We've already seen how these connections have helped smaller places like Chester, which partnered with Weidner University to redevelop the city's downtown. A Local Resource Network could spur Weidner to a deeper partnership with Chester to create a regional economic and workforce development plan that taps into the success of neighboring communities like Philadelphia.

Indeed, while the most intensive capacity-building efforts of Strong Cities, Strong Communities will be done in these six cities, we are taking steps to ensure that places that share these challenges of economic and civic transition can benefit from its capacity-building tools and partnerships.

While Local Resource Networks would help cities catalyze private sector engagement, Strong Cities, Strong Communities' National Resource Network effort would act as a "one-stop-shop" for technical assistance that could be provided to local governments across the nation.

Instead of providing direct financial assistance, the goal of the National Resource Network will be to convene groups of national experts with wide-ranging skills to provide the kind of cutting edge support and counsel cities need to get the biggest bang for the buck out of public and private dollars.

The final component of Strong Cities, Strong Communities is an Economic Challenge, which we designed for localities that have large deficits in their fiscal capacity but aren't as far along as Detroit in developing a comprehensive strategy for their economic future.

Where in the past, we might have seen federal dollars sent to a community with no meaningful plan for how to spend them, the Economic Challenge competition will competitively award six cities and regions funding so that they themselves can hold "X-prize style" competitions that challenge multi-disciplinary teams of experts to help develop and implement a comprehensive, 21st century, globally competitive economic strategy for their region.

This Administration believes Strong Cities, Strong Communities has the potential to be a model for the New Federalism in the 21st century I've described.

And with that new kind of federal partner, we believe cities facing chronic challenges can begin to transform themselves -- not into the one-industry power centers of the past, but into the hubs of the dynamic, diverse, resilient, regional economies America needs to create millions of jobs and win the future.

Believing in Our Institutions Again

For half a century, we've been told our most troubled cities will never come back.

I disagree -- because over these last 30 months, I've seen what is possible when the Federal government partners with local institutions to create results for communities.

And I believe our cities can come back because I believe my own eyes.

As a child, I saw the South Bronx burn -- and I've seen it rebuilt.

These problems weren't solved overnight.

Nor were they solved by government investment alone.

Rather, what began their turnaround was civic investment and civic engagement that put a team in place that could invest the money they had smarter and more effectively.

Building that team for the 21st century is why Governor Snyder and Mayor Bing have asked for our help.

They know that as Detroit goes, so goes Michigan.

And what President Obama knows is that as goes Michigan--and other places that have struggled for too long with chronic challenges--so goes our country's economic future.
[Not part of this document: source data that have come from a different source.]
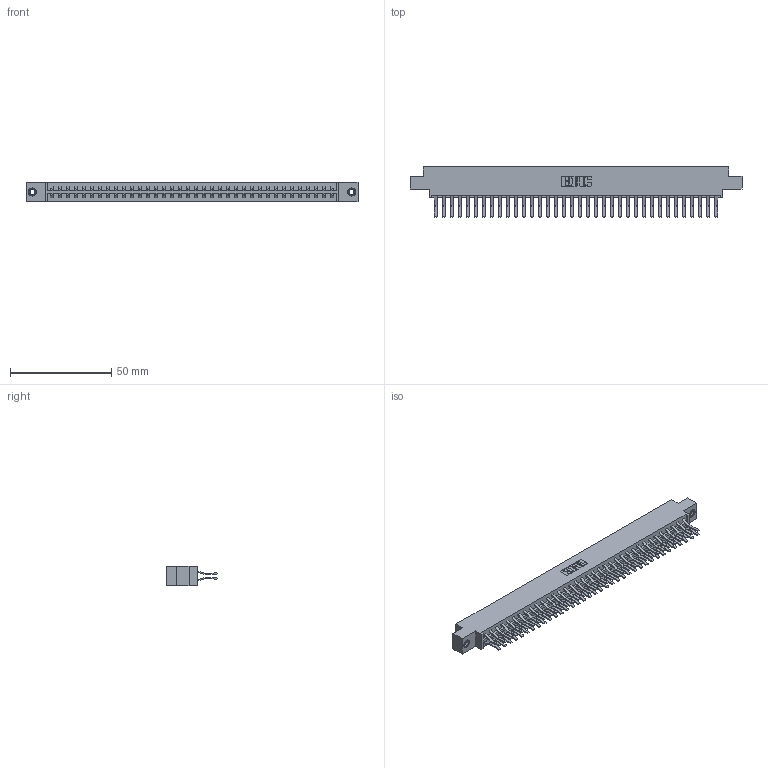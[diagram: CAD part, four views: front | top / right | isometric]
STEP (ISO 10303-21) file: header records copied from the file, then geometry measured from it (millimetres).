
FILE_DESCRIPTION (( 'STEP AP203' ), '1' );
FILE_NAME ('833-072-560-807.STEP', '2020-06-05T15:19:44', ( '' ), ( '' ), 'SwSTEP 2.0', 'SolidWorks 2020', '' );
FILE_SCHEMA (( 'CONFIG_CONTROL_DESIGN' ));
Length unit declared in the file: inch
Products named in the file (4): 833-072-560-807; 345-292-001_560 Tail; 833 Part_Offset - .156 Dia - TI; 345-250-001_345-250-005-103
Assembly tree (75 placements, depth 2):
  833-072-560-807
    833 Part_Offset - .156 Dia - TI
    345-292-001_560 Tail  x72
    345-250-001_345-250-005-103  x2
Bounding box: 164.19 x 24.78 x 9.4 mm (x, y, z)
Volume: 16936.9 mm3; surface area: 21560.4 mm2
Topology: 75 solids, 75 shells, 4066 faces, 12051 edges, 7930 vertices
Faces by surface type: plane 2698, cylinder 1352, cone 12, torus 4
Entity records: 25342 total; most frequent: CARTESIAN_POINT 4193, ORIENTED_EDGE 4122, DIRECTION 3627, EDGE_CURVE 2061, LINE 1909, VECTOR 1909, VERTEX_POINT 1368, AXIS2_PLACEMENT_3D 859
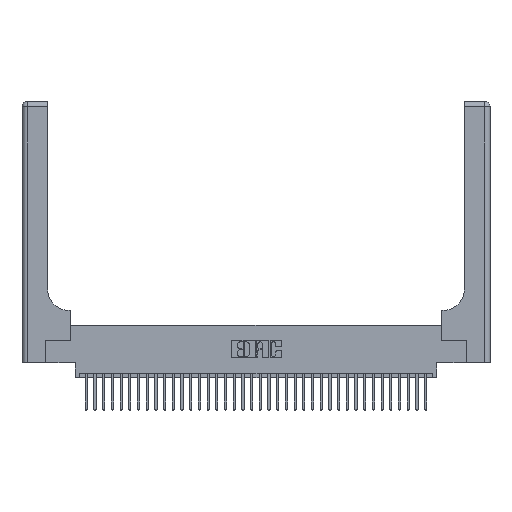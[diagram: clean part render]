
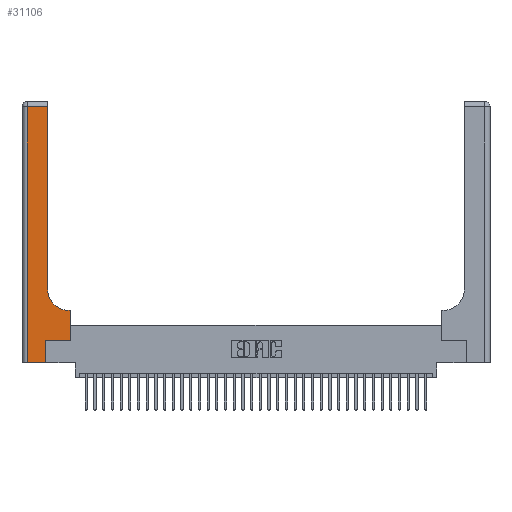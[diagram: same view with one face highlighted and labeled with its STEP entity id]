
A CAD part, top view. The second image highlights one B-rep face of the part: STEP entity #31106.
In plain terms, the highlighted planar face has unit normal (0, 0, 1).
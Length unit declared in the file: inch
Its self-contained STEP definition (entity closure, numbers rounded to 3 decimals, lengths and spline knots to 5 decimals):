
#383 = CARTESIAN_POINT ( 'NONE',  ( 0.2915, 0.6, 0.37 ) ) ;
#909 = LINE ( 'NONE', #383, #9384 ) ;
#1207 = DIRECTION ( 'NONE',  ( 0., 1., 0. ) ) ;
#1728 = CARTESIAN_POINT ( 'NONE',  ( 0.269, 0.25, 0.37 ) ) ;
#2568 = CARTESIAN_POINT ( 'NONE',  ( 0.06, 0., 0.37 ) ) ;
#4184 = CARTESIAN_POINT ( 'NONE',  ( 0.269, 0., 0.37 ) ) ;
#4597 = CARTESIAN_POINT ( 'NONE',  ( 0.5585, 0.25, 0.37 ) ) ;
#5095 = DIRECTION ( 'NONE',  ( 0., 1., 0. ) ) ;
#5334 = CARTESIAN_POINT ( 'NONE',  ( 0., 3., 0.37 ) ) ;
#5514 = VECTOR ( 'NONE', #19744, 39.37008 ) ;
#6253 = VERTEX_POINT ( 'NONE', #2568 ) ;
#6849 = CARTESIAN_POINT ( 'NONE',  ( 0.2915, 2.94, 0.37 ) ) ;
#7162 = EDGE_CURVE ( 'NONE', #34907, #34910, #24340, .T. ) ;
#8174 = VECTOR ( 'NONE', #9365, 39.37008 ) ;
#8200 = DIRECTION ( 'NONE',  ( -1., 0., 0. ) ) ;
#9147 = VERTEX_POINT ( 'NONE', #14545 ) ;
#9365 = DIRECTION ( 'NONE',  ( 1., 0., 0. ) ) ;
#9384 = VECTOR ( 'NONE', #20552, 39.37008 ) ;
#9711 = CARTESIAN_POINT ( 'NONE',  ( 0.5415, 0.6, 0.37 ) ) ;
#9716 = ORIENTED_EDGE ( 'NONE', *, *, #31482, .T. ) ;
#9756 = ORIENTED_EDGE ( 'NONE', *, *, #10892, .T. ) ;
#9895 = ORIENTED_EDGE ( 'NONE', *, *, #27963, .T. ) ;
#10892 = EDGE_CURVE ( 'NONE', #9147, #30799, #909, .T. ) ;
#11041 = DIRECTION ( 'NONE',  ( 0., 0., -1. ) ) ;
#11292 = DIRECTION ( 'NONE',  ( 1., 0., 0. ) ) ;
#12326 = LINE ( 'NONE', #19390, #26679 ) ;
#12515 = LINE ( 'NONE', #25566, #26862 ) ;
#13126 = LINE ( 'NONE', #36817, #5514 ) ;
#13565 = CARTESIAN_POINT ( 'NONE',  ( 0.2915, 0.85, 0.37 ) ) ;
#14159 = CARTESIAN_POINT ( 'NONE',  ( 0.2915, 3., 0.37 ) ) ;
#14290 = DIRECTION ( 'NONE',  ( 0., 1., 0. ) ) ;
#14545 = CARTESIAN_POINT ( 'NONE',  ( 0.5585, 0.6, 0.37 ) ) ;
#15784 = EDGE_CURVE ( 'NONE', #34910, #9147, #12326, .T. ) ;
#16901 = VECTOR ( 'NONE', #14290, 39.37008 ) ;
#17004 = CARTESIAN_POINT ( 'NONE',  ( 0.06, 2.94, 0.37 ) ) ;
#17798 = LINE ( 'NONE', #14159, #16901 ) ;
#18315 = CARTESIAN_POINT ( 'NONE',  ( 0., 2.94, 0.37 ) ) ;
#18593 = VECTOR ( 'NONE', #21237, 39.37008 ) ;
#19390 = CARTESIAN_POINT ( 'NONE',  ( 0.5585, 0.25, 0.37 ) ) ;
#19744 = DIRECTION ( 'NONE',  ( 0., -1., 0. ) ) ;
#20552 = DIRECTION ( 'NONE',  ( -1., 0., 0. ) ) ;
#20906 = VERTEX_POINT ( 'NONE', #6849 ) ;
#21237 = DIRECTION ( 'NONE',  ( -1., 0., 0. ) ) ;
#21291 = EDGE_LOOP ( 'NONE', ( #9895, #32722, #31661, #31230, #9716, #24535, #33936, #9756, #33506 ) ) ;
#22385 = VECTOR ( 'NONE', #1207, 39.37008 ) ;
#22791 = EDGE_CURVE ( 'NONE', #20906, #36484, #26210, .T. ) ;
#24165 = VERTEX_POINT ( 'NONE', #13565 ) ;
#24220 = EDGE_CURVE ( 'NONE', #30799, #24165, #33698, .T. ) ;
#24340 = LINE ( 'NONE', #29418, #8174 ) ;
#24535 = ORIENTED_EDGE ( 'NONE', *, *, #7162, .T. ) ;
#25363 = DIRECTION ( 'NONE',  ( 0., 0., -1. ) ) ;
#25566 = CARTESIAN_POINT ( 'NONE',  ( 0., 0., 0.37 ) ) ;
#26210 = LINE ( 'NONE', #18315, #18593 ) ;
#26429 = FACE_OUTER_BOUND ( 'NONE', #21291, .T. ) ;
#26476 = VERTEX_POINT ( 'NONE', #4184 ) ;
#26679 = VECTOR ( 'NONE', #5095, 39.37008 ) ;
#26744 = EDGE_CURVE ( 'NONE', #6253, #26476, #12515, .T. ) ;
#26862 = VECTOR ( 'NONE', #11292, 39.37008 ) ;
#27963 = EDGE_CURVE ( 'NONE', #24165, #20906, #17798, .T. ) ;
#28129 = PLANE ( 'NONE',  #35351 ) ;
#28208 = CARTESIAN_POINT ( 'NONE',  ( 0.5415, 0.85, 0.37 ) ) ;
#29257 = EDGE_CURVE ( 'NONE', #36484, #6253, #13126, .T. ) ;
#29418 = CARTESIAN_POINT ( 'NONE',  ( 0.269, 0.25, 0.37 ) ) ;
#30799 = VERTEX_POINT ( 'NONE', #9711 ) ;
#30895 = LINE ( 'NONE', #35452, #22385 ) ;
#31106 = ADVANCED_FACE ( 'NONE', ( #26429 ), #28129, .F. ) ;
#31108 = DIRECTION ( 'NONE',  ( 1., 0., 0. ) ) ;
#31230 = ORIENTED_EDGE ( 'NONE', *, *, #26744, .T. ) ;
#31482 = EDGE_CURVE ( 'NONE', #26476, #34907, #30895, .T. ) ;
#31661 = ORIENTED_EDGE ( 'NONE', *, *, #29257, .T. ) ;
#32722 = ORIENTED_EDGE ( 'NONE', *, *, #22791, .T. ) ;
#33506 = ORIENTED_EDGE ( 'NONE', *, *, #24220, .T. ) ;
#33582 = AXIS2_PLACEMENT_3D ( 'NONE', #28208, #11041, #31108 ) ;
#33698 = CIRCLE ( 'NONE', #33582, 0.25 ) ;
#33936 = ORIENTED_EDGE ( 'NONE', *, *, #15784, .T. ) ;
#34907 = VERTEX_POINT ( 'NONE', #1728 ) ;
#34910 = VERTEX_POINT ( 'NONE', #4597 ) ;
#35351 = AXIS2_PLACEMENT_3D ( 'NONE', #5334, #25363, #8200 ) ;
#35452 = CARTESIAN_POINT ( 'NONE',  ( 0.269, 0., 0.37 ) ) ;
#36484 = VERTEX_POINT ( 'NONE', #17004 ) ;
#36817 = CARTESIAN_POINT ( 'NONE',  ( 0.06, 3., 0.37 ) ) ;
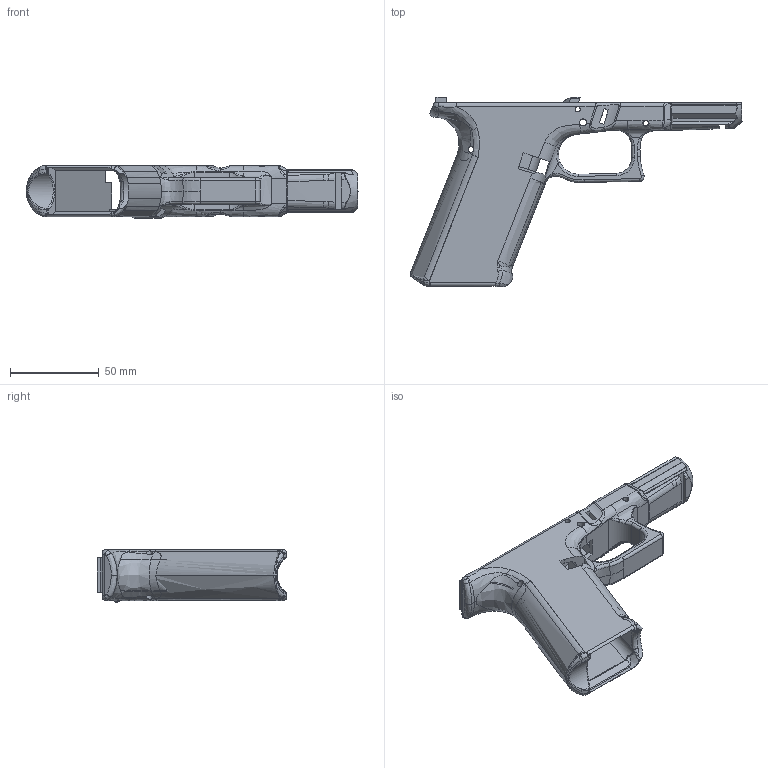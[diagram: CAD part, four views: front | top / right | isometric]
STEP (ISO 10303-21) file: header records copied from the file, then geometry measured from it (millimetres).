
FILE_DESCRIPTION(/* description */ (''),/* implementation_level */ '2;1');
FILE_NAME(/* name */ 'FMDA DD19x.2 v1.step',/* time_stamp */ '2022-12-21T20:41:37-07:00',/* author */ (''),/* organization */ (''),/* preprocessor_version */ 'ST-DEVELOPER v19.2',/* originating_system */ 'Autodesk Translation Framework v11.17.0.187',/* authorisation */ '');
FILE_SCHEMA (('AUTOMOTIVE_DESIGN { 1 0 10303 214 3 1 1 }'));
Products named in the file (1): FMDA DD19x.2
Bounding box: 186.96 x 106.5 x 29.84 mm (x, y, z)
Volume: 84355.7 mm3; surface area: 46181.1 mm2
Topology: 1 solids, 3 shells, 697 faces, 1959 edges, 1235 vertices
Faces by surface type: bspline 297, plane 199, cylinder 148, torus 31, cone 12, sphere 10
Full cylindrical faces by diameter (mm): 2 x1, 3 x4, 3.2 x2, 4 x2
Entity records: 53594 total; most frequent: CARTESIAN_POINT 37225, ORIENTED_EDGE 3890, DIRECTION 2761, EDGE_CURVE 1945, VERTEX_POINT 1236, AXIS2_PLACEMENT_3D 1016, LINE 729, VECTOR 729
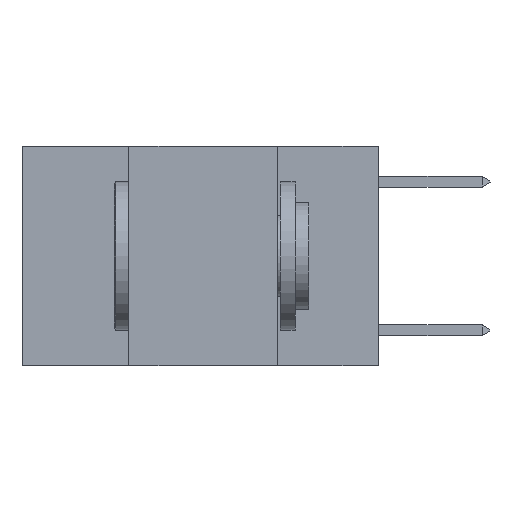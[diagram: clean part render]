
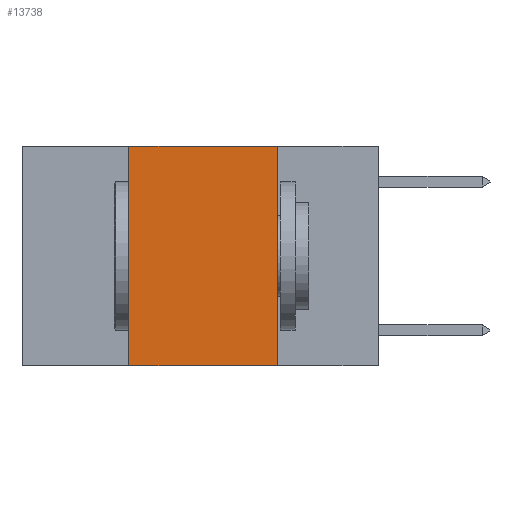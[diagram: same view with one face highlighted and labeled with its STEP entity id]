
A CAD part, left-side view. The second image highlights one B-rep face of the part: STEP entity #13738.
In plain terms, the highlighted planar face has unit normal (-1, 0, 0).
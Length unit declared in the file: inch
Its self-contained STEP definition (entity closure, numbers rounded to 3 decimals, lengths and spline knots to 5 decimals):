
#74 = EDGE_CURVE ( 'NONE', #8396, #358, #2133, .T. ) ;
#332 = ORIENTED_EDGE ( 'NONE', *, *, #10544, .F. ) ;
#358 = VERTEX_POINT ( 'NONE', #5651 ) ;
#411 = CARTESIAN_POINT ( 'NONE',  ( 0., 0.17, 0. ) ) ;
#1025 = VECTOR ( 'NONE', #13674, 39.37008 ) ;
#1766 = EDGE_LOOP ( 'NONE', ( #8795, #332, #9513, #12974 ) ) ;
#1889 = DIRECTION ( 'NONE',  ( 0., -1., 0. ) ) ;
#2133 = LINE ( 'NONE', #411, #1025 ) ;
#2158 = CARTESIAN_POINT ( 'NONE',  ( 0., 0.6, 0. ) ) ;
#3114 = CARTESIAN_POINT ( 'NONE',  ( 0., 0.6, -0.37 ) ) ;
#3309 = CARTESIAN_POINT ( 'NONE',  ( 0., 0.42, -0.37 ) ) ;
#3726 = CARTESIAN_POINT ( 'NONE',  ( 0., 0.42, 0. ) ) ;
#3797 = CARTESIAN_POINT ( 'NONE',  ( 0., 0.6, 0. ) ) ;
#5651 = CARTESIAN_POINT ( 'NONE',  ( 0., 0.17, -0.37 ) ) ;
#5822 = VECTOR ( 'NONE', #1889, 39.37008 ) ;
#6674 = DIRECTION ( 'NONE',  ( 0., 0., -1. ) ) ;
#6876 = FACE_OUTER_BOUND ( 'NONE', #1766, .T. ) ;
#7715 = LINE ( 'NONE', #15109, #7753 ) ;
#7753 = VECTOR ( 'NONE', #10691, 39.37008 ) ;
#8396 = VERTEX_POINT ( 'NONE', #13634 ) ;
#8795 = ORIENTED_EDGE ( 'NONE', *, *, #74, .F. ) ;
#9139 = DIRECTION ( 'NONE',  ( 0., -1., 0. ) ) ;
#9513 = ORIENTED_EDGE ( 'NONE', *, *, #14809, .F. ) ;
#9678 = AXIS2_PLACEMENT_3D ( 'NONE', #2158, #15854, #6674 ) ;
#9828 = LINE ( 'NONE', #3114, #19367 ) ;
#10544 = EDGE_CURVE ( 'NONE', #16442, #8396, #12700, .T. ) ;
#10691 = DIRECTION ( 'NONE',  ( 0., 0., 1. ) ) ;
#11027 = PLANE ( 'NONE',  #9678 ) ;
#11065 = EDGE_CURVE ( 'NONE', #17293, #358, #9828, .T. ) ;
#12700 = LINE ( 'NONE', #3797, #5822 ) ;
#12974 = ORIENTED_EDGE ( 'NONE', *, *, #11065, .T. ) ;
#13634 = CARTESIAN_POINT ( 'NONE',  ( 0., 0.17, 0. ) ) ;
#13674 = DIRECTION ( 'NONE',  ( 0., 0., -1. ) ) ;
#13738 = ADVANCED_FACE ( 'NONE', ( #6876 ), #11027, .F. ) ;
#14809 = EDGE_CURVE ( 'NONE', #17293, #16442, #7715, .T. ) ;
#15109 = CARTESIAN_POINT ( 'NONE',  ( 0., 0.42, 0. ) ) ;
#15854 = DIRECTION ( 'NONE',  ( 1., 0., 0. ) ) ;
#16442 = VERTEX_POINT ( 'NONE', #3726 ) ;
#17293 = VERTEX_POINT ( 'NONE', #3309 ) ;
#19367 = VECTOR ( 'NONE', #9139, 39.37008 ) ;
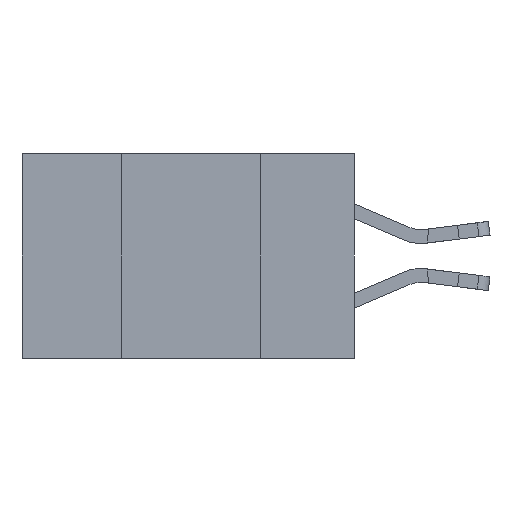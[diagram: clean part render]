
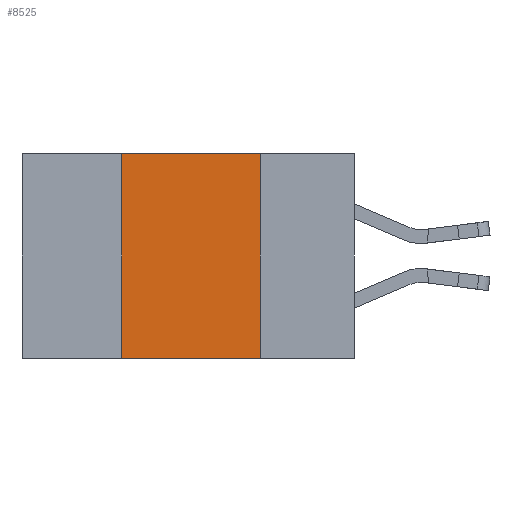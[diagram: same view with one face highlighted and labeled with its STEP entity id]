
A CAD part, left-side view. The second image highlights one B-rep face of the part: STEP entity #8525.
In plain terms, the highlighted planar face has unit normal (-1, 0, 0).
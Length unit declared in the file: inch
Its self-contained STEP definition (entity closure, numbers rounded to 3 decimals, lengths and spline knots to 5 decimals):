
#519 = CARTESIAN_POINT ( 'NONE',  ( 0., 0.6, 0. ) ) ;
#593 = DIRECTION ( 'NONE',  ( 0., -1., 0. ) ) ;
#950 = EDGE_CURVE ( 'NONE', #6163, #21181, #1370, .T. ) ;
#1370 = LINE ( 'NONE', #7316, #10904 ) ;
#1374 = DIRECTION ( 'NONE',  ( 1., 0., 0. ) ) ;
#1513 = LINE ( 'NONE', #519, #9998 ) ;
#3276 = AXIS2_PLACEMENT_3D ( 'NONE', #16737, #1374, #9680 ) ;
#4160 = DIRECTION ( 'NONE',  ( 0., -1., 0. ) ) ;
#4321 = VERTEX_POINT ( 'NONE', #6528 ) ;
#5679 = CARTESIAN_POINT ( 'NONE',  ( 0., 0.17, -0.37 ) ) ;
#6163 = VERTEX_POINT ( 'NONE', #14573 ) ;
#6528 = CARTESIAN_POINT ( 'NONE',  ( 0., 0.17, 0. ) ) ;
#7108 = DIRECTION ( 'NONE',  ( 0., 0., 1. ) ) ;
#7316 = CARTESIAN_POINT ( 'NONE',  ( 0., 0.42, 0. ) ) ;
#7491 = LINE ( 'NONE', #13002, #20031 ) ;
#7615 = EDGE_CURVE ( 'NONE', #4321, #21602, #7491, .T. ) ;
#8100 = LINE ( 'NONE', #12417, #10723 ) ;
#8525 = ADVANCED_FACE ( 'NONE', ( #18126 ), #21653, .F. ) ;
#9680 = DIRECTION ( 'NONE',  ( 0., 0., -1. ) ) ;
#9998 = VECTOR ( 'NONE', #593, 39.37008 ) ;
#10711 = EDGE_CURVE ( 'NONE', #21181, #4321, #1513, .T. ) ;
#10723 = VECTOR ( 'NONE', #4160, 39.37008 ) ;
#10904 = VECTOR ( 'NONE', #7108, 39.37008 ) ;
#10998 = CARTESIAN_POINT ( 'NONE',  ( 0., 0.42, 0. ) ) ;
#11906 = ORIENTED_EDGE ( 'NONE', *, *, #7615, .F. ) ;
#12417 = CARTESIAN_POINT ( 'NONE',  ( 0., 0.6, -0.37 ) ) ;
#12957 = ORIENTED_EDGE ( 'NONE', *, *, #950, .F. ) ;
#13002 = CARTESIAN_POINT ( 'NONE',  ( 0., 0.17, 0. ) ) ;
#14306 = EDGE_LOOP ( 'NONE', ( #11906, #21401, #12957, #20540 ) ) ;
#14573 = CARTESIAN_POINT ( 'NONE',  ( 0., 0.42, -0.37 ) ) ;
#14741 = DIRECTION ( 'NONE',  ( 0., 0., -1. ) ) ;
#16737 = CARTESIAN_POINT ( 'NONE',  ( 0., 0.6, 0. ) ) ;
#18126 = FACE_OUTER_BOUND ( 'NONE', #14306, .T. ) ;
#20031 = VECTOR ( 'NONE', #14741, 39.37008 ) ;
#20540 = ORIENTED_EDGE ( 'NONE', *, *, #21557, .T. ) ;
#21181 = VERTEX_POINT ( 'NONE', #10998 ) ;
#21401 = ORIENTED_EDGE ( 'NONE', *, *, #10711, .F. ) ;
#21557 = EDGE_CURVE ( 'NONE', #6163, #21602, #8100, .T. ) ;
#21602 = VERTEX_POINT ( 'NONE', #5679 ) ;
#21653 = PLANE ( 'NONE',  #3276 ) ;

Wherever we live, we all have an interest in seeing these places become dynamic, healthy and vibrant again.

But really, we have more than an interest -- we also have a responsibility. A responsibility to step up together.

As we launch Strong Cities, Strong Communities, President Obama's charge and mine is to be a different kind of federal partner at the federal level.

Yours is to be a different kind of partner to your hometown -- to approach its success as you have your businesses.

Right now, here in Detroit, we are seeing a sense of hope among regional and state partners like few other times in recent memory -- a sense that maybe, just maybe, this city and communities around is turning the corner.

I believe it's possible.

But it requires your energy, your talents, and your sustained commitment.

Because winning the future isn't about what we plan to do tomorrow.

It's about what we commit to doing today.

It's about what we do right now.

Together, I believe we can -- and with your commitment, I know we will. Thank you.